Por conta disso, as autoridades logo voltam-se para a repressão a diversas manifestações populares. A partir de 1890, são impiedosamente perseguidos os capoeiras, valentões, predominantemente negros e pobres, que praticavam essa modalidade de luta pelas ruas do Rio de Janeiro.

LARGADOS À PRÓPRIA SORTE Em que pesem alguns episódios específicos, a base fundamental da campanha abolicionista movida por setores da elite econômica dos anos 1880 estava longe de ser um humanitarismo solidário aos negros, ou a busca de reformas sociais democratizantes. Isso tornou-se evidente com o passar dos anos, apesar de um discurso contraditório de setores das classes dominantes, simpáticos à libertação. Havia, por exemplo, o caso do projeto abolicionista de Joaquim Nabuco. Rejeitado pela Câmara dos Deputados, em fins de 1880, o texto manifestava alguma preocupação social. Seu artigo 49 definia:

“Serão estabelecidas nas cidades e vilas aulas primárias para os escravos. Os senhores de fazendas e engenhos são obrigados a mandar ensinar a ler, escrever, e os princípios de moralidade aos escravos”.

E havia mais. O historiador Robert Conrad assinala que:

“Os abolicionistas radicais, como Nabuco, André Rebouças, José do Patrocínio, Antonio Bento, Rui Barbosa, Senador Dantas e outros esperavam que a extensão da educação a todas as classes, a participação política em massa e uma ampliação de oportunidades econômicas para milhões de negros e mulatos e outros setores menos privilegiados da sociedade brasileira viessem a permitir que estes grupos assumissem um lugar de igualdade numa nação mais homogênea e próspera”.

O mesmo pesquisador assinala ainda o fato de que “durante os anos abolicionistas, a reforma agrária foi proposta frequente e urgentemente”. E lembra do plano de André Rebouças, no qual grandes proprietários venderiam ou alugariam lotes de terras a libertos, imigrantes e lavradores. Trata-se de uma modalidade de reforma que prescinde da democratização fundiária, restringindo-se às regras do mercado então vigentes.

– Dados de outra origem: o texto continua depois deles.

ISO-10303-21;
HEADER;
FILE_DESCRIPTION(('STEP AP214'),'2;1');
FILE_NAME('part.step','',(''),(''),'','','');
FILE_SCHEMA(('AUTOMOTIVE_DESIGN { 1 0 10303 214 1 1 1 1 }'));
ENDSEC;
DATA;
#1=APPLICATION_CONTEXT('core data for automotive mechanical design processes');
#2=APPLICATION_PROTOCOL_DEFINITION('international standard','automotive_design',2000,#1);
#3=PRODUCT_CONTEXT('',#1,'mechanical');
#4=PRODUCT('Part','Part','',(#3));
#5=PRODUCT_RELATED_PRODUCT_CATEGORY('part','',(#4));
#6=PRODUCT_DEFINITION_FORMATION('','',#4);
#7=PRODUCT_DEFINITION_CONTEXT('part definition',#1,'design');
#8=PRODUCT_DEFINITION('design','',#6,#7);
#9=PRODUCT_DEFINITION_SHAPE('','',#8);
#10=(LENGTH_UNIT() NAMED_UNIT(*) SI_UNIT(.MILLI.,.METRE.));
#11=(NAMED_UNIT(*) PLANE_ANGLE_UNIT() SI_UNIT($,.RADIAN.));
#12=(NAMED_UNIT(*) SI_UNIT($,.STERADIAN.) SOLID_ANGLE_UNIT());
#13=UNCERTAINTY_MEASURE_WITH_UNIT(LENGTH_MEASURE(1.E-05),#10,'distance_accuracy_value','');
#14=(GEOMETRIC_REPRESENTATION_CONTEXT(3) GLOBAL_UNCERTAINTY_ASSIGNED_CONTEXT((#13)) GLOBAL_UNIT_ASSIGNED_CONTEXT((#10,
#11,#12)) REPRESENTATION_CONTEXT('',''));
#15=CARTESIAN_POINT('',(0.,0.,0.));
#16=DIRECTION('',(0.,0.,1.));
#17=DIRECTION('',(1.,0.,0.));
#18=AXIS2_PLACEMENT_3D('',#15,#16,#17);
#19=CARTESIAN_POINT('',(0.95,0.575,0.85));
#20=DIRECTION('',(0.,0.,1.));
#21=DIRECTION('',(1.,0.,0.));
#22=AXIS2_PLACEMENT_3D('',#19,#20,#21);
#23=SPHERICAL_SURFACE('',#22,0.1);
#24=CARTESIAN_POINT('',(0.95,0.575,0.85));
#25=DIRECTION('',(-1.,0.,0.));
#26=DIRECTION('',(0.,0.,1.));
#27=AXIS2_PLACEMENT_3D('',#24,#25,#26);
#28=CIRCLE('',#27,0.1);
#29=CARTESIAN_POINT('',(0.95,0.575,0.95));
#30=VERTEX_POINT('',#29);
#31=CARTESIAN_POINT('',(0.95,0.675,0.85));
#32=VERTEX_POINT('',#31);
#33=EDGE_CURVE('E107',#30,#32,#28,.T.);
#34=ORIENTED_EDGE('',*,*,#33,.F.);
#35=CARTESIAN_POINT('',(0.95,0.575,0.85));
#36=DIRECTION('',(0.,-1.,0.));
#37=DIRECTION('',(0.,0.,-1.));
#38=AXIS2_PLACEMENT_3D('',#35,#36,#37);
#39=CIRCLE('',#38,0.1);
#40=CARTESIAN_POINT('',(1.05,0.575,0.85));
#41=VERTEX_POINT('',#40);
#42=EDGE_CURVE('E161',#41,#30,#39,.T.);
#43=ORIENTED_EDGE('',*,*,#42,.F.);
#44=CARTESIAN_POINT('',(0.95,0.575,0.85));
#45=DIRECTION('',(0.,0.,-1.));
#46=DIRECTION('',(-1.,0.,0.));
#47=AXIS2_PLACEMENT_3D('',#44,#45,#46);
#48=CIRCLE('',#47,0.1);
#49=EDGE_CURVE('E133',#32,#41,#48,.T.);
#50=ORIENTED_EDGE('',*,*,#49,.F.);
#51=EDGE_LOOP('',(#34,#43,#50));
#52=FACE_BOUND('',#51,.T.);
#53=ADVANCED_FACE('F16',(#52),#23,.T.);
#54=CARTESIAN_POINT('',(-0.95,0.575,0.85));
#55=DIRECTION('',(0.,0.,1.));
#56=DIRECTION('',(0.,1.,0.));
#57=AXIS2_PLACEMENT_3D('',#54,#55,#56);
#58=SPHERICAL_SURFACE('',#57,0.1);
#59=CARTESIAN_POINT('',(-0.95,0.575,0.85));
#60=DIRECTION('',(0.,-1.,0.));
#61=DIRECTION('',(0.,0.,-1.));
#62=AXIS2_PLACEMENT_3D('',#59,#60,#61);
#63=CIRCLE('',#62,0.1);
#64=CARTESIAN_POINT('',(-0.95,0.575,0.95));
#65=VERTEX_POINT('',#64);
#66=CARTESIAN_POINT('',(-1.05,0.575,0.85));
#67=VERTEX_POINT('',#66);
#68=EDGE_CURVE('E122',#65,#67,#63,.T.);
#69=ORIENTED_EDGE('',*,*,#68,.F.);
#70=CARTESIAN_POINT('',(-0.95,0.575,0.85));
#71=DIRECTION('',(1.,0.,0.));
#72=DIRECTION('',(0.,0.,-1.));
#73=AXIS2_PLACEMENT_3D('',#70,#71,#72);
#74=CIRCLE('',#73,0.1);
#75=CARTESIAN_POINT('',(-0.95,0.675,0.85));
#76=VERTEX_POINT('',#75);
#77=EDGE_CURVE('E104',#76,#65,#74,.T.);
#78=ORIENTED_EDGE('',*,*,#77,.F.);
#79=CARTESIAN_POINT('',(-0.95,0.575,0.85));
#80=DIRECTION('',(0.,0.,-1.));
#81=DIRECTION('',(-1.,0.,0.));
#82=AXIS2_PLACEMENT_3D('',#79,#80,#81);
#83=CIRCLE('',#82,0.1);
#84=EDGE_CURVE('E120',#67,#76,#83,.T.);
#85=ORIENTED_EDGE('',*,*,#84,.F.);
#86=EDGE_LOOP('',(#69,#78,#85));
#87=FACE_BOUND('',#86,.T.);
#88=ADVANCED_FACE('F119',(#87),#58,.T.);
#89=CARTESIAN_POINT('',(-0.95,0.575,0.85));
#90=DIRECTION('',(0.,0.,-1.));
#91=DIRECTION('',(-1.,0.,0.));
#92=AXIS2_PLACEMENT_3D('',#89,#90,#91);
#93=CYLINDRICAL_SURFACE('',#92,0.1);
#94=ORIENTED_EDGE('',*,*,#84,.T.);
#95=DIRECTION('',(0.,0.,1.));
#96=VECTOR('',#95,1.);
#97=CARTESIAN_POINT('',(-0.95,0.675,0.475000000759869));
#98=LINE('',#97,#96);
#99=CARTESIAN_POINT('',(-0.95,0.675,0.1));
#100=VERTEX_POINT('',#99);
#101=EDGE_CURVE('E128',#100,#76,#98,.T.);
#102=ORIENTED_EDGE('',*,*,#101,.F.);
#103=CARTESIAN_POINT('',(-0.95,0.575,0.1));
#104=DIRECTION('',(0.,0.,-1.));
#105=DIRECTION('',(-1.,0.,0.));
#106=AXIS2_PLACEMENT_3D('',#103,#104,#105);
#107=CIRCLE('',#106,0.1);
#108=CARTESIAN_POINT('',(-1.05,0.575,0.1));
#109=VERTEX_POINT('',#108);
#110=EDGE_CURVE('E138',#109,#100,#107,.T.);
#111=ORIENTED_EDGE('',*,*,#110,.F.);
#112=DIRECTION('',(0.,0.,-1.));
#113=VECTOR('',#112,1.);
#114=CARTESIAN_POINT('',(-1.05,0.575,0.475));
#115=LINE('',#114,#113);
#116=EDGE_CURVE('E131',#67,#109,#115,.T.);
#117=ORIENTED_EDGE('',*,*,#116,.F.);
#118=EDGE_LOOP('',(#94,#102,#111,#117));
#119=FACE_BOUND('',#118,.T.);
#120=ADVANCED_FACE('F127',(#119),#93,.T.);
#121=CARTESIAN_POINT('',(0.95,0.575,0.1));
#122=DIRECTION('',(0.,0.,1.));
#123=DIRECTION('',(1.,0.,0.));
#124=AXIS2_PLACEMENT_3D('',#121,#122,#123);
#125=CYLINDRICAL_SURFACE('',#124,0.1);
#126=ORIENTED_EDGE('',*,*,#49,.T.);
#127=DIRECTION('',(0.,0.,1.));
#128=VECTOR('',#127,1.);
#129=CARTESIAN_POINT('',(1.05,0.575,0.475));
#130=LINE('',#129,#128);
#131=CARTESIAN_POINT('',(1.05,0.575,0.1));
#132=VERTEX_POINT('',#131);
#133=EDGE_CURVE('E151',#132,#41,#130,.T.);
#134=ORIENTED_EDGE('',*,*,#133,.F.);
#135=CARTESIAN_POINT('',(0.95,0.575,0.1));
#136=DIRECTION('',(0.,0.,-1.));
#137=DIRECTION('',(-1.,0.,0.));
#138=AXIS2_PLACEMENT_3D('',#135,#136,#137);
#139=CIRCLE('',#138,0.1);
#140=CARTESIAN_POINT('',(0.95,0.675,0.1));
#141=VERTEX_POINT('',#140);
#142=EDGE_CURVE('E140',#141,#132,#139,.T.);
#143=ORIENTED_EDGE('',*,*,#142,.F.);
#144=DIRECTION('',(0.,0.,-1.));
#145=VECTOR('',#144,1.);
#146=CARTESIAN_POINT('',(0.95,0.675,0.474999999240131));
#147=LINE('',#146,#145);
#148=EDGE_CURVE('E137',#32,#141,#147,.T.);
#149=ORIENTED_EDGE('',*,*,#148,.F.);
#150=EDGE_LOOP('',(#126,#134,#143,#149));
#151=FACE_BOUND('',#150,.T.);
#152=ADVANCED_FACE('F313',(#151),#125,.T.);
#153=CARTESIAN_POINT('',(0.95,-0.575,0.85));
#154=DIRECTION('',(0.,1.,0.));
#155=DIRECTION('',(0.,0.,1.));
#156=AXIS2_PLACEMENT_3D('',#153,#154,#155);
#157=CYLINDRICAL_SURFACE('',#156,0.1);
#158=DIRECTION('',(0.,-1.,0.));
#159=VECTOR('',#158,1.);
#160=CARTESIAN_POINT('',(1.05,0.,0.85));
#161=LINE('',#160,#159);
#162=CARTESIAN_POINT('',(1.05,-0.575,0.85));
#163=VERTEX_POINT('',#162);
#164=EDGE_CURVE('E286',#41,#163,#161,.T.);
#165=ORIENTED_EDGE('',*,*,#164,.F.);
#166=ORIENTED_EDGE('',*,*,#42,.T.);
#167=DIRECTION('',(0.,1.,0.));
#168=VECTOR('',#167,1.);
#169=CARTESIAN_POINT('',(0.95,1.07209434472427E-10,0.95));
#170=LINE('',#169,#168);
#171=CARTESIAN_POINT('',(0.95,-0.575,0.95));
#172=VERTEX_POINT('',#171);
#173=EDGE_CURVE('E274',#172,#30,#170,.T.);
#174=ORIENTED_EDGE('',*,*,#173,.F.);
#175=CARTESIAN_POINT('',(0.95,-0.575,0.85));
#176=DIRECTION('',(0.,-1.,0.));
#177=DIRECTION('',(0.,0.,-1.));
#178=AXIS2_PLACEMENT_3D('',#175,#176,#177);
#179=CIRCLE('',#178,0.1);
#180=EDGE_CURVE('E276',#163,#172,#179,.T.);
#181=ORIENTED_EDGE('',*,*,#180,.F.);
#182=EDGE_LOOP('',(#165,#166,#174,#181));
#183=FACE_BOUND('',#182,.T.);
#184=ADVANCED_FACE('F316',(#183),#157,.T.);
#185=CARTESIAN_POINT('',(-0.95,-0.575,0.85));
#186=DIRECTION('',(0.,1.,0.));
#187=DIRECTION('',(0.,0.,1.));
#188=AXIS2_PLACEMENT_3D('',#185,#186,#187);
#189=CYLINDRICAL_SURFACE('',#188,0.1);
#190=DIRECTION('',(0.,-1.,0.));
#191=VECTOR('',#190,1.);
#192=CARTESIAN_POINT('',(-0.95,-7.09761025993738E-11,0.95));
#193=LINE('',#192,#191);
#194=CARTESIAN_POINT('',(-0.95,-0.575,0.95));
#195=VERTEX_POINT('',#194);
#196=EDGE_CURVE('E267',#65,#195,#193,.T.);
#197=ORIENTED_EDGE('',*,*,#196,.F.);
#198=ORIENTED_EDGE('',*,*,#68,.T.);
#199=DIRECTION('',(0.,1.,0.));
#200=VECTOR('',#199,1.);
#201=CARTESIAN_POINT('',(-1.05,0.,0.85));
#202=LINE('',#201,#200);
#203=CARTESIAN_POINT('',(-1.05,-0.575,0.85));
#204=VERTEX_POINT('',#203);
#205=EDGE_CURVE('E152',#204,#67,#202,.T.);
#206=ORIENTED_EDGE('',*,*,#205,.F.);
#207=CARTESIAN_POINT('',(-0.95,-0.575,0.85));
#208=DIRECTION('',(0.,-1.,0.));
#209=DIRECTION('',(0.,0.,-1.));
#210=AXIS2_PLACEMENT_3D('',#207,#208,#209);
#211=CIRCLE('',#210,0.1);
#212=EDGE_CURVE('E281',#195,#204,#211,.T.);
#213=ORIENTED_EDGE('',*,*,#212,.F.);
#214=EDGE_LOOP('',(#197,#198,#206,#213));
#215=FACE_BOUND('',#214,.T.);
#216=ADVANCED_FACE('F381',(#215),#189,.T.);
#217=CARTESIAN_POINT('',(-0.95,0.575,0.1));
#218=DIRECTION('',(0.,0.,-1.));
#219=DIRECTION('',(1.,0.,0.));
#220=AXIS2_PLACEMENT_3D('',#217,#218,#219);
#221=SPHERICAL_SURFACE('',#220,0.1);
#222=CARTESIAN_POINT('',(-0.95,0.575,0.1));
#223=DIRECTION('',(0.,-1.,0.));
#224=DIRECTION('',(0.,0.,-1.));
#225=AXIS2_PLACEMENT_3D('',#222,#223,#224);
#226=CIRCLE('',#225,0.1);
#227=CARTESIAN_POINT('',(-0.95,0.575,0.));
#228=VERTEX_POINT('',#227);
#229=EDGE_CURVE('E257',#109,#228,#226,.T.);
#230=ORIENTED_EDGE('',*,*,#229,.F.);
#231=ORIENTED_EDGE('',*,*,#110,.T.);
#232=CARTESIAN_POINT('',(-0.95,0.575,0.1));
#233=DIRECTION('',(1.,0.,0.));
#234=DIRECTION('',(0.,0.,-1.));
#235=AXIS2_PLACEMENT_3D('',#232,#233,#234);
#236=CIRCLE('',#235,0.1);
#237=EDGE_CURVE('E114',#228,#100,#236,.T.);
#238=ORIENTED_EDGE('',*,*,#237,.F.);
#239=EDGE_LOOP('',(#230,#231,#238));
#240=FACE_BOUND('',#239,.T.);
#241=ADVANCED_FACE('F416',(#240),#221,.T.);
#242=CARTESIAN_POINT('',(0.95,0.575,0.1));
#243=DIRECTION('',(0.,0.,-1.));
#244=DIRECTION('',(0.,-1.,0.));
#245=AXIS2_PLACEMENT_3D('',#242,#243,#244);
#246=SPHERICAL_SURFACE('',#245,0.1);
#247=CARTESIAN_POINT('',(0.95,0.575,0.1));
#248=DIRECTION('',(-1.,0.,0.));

Quando a campanha abolicionista tomou vulto, tais propostas foram pouco a pouco sendo deixadas de lado.

Quais as razões disso? Voltemos a Florestan Fernandes. Talvez a resposta esteja sintetizada neste trecho de seu livro já citado:

“A preocupação pelo destino do escravo se mantivera em foco enquanto se ligou a ele o futuro da lavoura. Ela aparece nos vários projetos que visaram regular, legalmente, a transição do trabalho escravo para o trabalho livre, desde 1823 até a assinatura da Lei Áurea. (...) Com a Abolição pura e simples, porém, a atenção dos senhores se volta especialmente para seus próprios interesses. (...) A posição do negro no sistema de trabalho e sua integração à ordem social deixam de ser matéria política. Era fatal que isso sucedesse”.